Value is vital, obviously.

When it comes to attention, it's the crucial component that drives long attention.

Immediate attention is when you grab someone's attention through difference and novelty.

Short attention is when they begin to engage through curiosity. And we covered both those types of attention in previous videos.

Long attention is the most valuable type of attention. It's where people voluntarily come back to pay attention. Like their favourite TV show they tune into every week or the newsletter they always read.

Long attention is what creates clients by building credibility and trust over time and ensuring you're top of mind when someone is ready to buy.

And it's driven by value.

If your potential clients find your interactions with them valuable they'll keep coming back for more – and like their favourite TV show, they'll seek you out, they'll look forward to the interactions and they'll make time for you.

But what type of value do you need to create this sort of relationship?

Actually, I don't think it matters all that much.

What I mean by that is there's a huge variety of ways in which you can be valuable in your communications with potential clients. @@

You can give them practical tips and ideas.

You can share insights that shed new light on a problem and create “lightbulb moments” where they begin to understand things better.

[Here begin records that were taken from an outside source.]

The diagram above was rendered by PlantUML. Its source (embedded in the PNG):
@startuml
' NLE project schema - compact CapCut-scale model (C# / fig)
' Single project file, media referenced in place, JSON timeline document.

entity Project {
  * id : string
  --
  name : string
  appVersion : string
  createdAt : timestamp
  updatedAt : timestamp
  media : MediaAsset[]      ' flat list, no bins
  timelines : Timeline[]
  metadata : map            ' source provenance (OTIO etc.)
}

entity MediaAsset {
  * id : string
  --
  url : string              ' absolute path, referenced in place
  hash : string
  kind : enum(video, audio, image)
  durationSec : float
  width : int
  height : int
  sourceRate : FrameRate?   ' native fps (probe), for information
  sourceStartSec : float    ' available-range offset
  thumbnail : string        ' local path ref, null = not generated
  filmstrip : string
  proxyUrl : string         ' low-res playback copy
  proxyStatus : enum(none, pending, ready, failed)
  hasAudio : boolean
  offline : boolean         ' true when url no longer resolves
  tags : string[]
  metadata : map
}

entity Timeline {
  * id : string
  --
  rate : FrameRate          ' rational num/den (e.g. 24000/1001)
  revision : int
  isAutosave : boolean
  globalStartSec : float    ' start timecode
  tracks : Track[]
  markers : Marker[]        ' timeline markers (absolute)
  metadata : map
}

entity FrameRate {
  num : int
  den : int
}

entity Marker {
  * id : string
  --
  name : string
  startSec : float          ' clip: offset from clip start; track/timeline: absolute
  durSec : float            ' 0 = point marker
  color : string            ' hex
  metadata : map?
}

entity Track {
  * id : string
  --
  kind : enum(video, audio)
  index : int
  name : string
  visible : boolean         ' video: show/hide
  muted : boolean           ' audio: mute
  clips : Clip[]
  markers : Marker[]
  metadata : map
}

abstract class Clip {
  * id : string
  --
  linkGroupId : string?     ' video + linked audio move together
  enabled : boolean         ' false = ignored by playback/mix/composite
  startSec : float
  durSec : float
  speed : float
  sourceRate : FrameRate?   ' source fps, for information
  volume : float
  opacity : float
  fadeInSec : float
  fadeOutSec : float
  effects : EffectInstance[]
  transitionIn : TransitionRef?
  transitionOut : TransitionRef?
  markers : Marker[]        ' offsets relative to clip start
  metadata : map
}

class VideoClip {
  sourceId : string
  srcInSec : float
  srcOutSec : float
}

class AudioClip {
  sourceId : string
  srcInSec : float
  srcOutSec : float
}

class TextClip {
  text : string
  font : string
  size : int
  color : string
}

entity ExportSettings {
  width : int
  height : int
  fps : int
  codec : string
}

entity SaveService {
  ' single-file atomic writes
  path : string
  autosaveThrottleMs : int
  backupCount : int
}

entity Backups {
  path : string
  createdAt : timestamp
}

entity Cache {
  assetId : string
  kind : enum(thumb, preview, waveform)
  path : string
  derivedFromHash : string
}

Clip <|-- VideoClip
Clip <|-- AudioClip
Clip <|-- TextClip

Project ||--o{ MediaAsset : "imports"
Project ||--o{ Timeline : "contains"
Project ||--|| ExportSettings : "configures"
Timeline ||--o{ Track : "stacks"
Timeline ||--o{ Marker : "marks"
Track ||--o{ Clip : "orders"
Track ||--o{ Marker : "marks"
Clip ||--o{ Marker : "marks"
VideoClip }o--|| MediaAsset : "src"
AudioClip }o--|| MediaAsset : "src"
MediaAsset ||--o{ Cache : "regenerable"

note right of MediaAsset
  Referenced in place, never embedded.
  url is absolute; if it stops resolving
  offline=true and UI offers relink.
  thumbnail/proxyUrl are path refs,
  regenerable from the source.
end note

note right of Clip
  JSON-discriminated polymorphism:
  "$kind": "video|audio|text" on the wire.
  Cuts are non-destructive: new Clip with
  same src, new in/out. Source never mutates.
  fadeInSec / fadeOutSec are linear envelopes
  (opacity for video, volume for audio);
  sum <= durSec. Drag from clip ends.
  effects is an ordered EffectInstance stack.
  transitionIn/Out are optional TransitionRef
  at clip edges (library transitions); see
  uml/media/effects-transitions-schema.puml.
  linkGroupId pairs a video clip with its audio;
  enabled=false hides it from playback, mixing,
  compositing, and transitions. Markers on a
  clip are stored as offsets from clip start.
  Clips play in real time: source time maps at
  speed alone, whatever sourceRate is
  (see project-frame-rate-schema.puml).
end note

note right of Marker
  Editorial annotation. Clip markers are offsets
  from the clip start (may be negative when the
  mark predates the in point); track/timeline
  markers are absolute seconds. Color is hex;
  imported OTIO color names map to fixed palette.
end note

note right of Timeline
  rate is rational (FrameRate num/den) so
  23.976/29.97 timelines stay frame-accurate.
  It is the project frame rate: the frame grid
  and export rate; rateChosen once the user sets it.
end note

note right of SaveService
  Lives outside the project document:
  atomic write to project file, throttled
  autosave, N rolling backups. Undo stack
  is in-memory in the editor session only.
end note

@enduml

You can share stories that inspire them and motivate them to take action or that build empathy and give them hope that they're not alone and things can change.

You can help them see the big picture and the path to their solution.

You can link them to resources or people they'll find useful.

Or you can just bring a little sunshine into their lives with an interesting or entertaining email or other communication.

So really you don't need to obsess about the details. As long as you've thought about what things your specific clients actually value and what it is you want to demonstrate to them to build your credibility and your relationship then there's a huge range of things you can do.

But what I'd encourage you to think about is less how you give value, and more about how and in particular when your clients get value.

Because the the time at which a client decides that you're the one or starts to see you as a real expert or begins to look forward to your communications is based on when they actually experience value in their business or lives from what you've said.

In other words, value is only value when it causes a positive change for someone.

There's a very real danger that we begin to equate value with pumping out more and more information but really it's about our clients and potential clients actually getting a result.

So we should think more about what a good result is for them and how we can help them get to that result faster through what we communicate with them.

In the world of software and services, they often call this the “aha moment”. It's the moment when someone “gets it”. When they realise what using a piece of software might actually mean for them and the value they'd get from it in the long term.

Back in 2015 Facebook revealed that their “aha moment” happened when a new user connected with about 7 friends. That's the moment at which they begin to see lots of updates from their friends on their feed and they start interacting and they start valuing their membership.

So Facebook made it a target to get new users to connect with 7 friends in 10 days.  And they focused almost all their early communications on getting new users to make those connections rather than the other features of Facebook which they could have talked about.

Because the faster that someone hits that “aha moment”, the faster they experience real value from the service, the more likely they are to stick around and the less likely they are to give up on the product. And it's not just a linear decrease in people leaving, it's an exponential decrease.

It makes a huge difference.

You see the exact same approach from other services. Dropbox tries to get you to upload a document as soon as possible. Slack tries to get you to send a bunch of messages as soon as possible. Because they know it's those actions that give you the “aha moment” when you begin to see real value from the product.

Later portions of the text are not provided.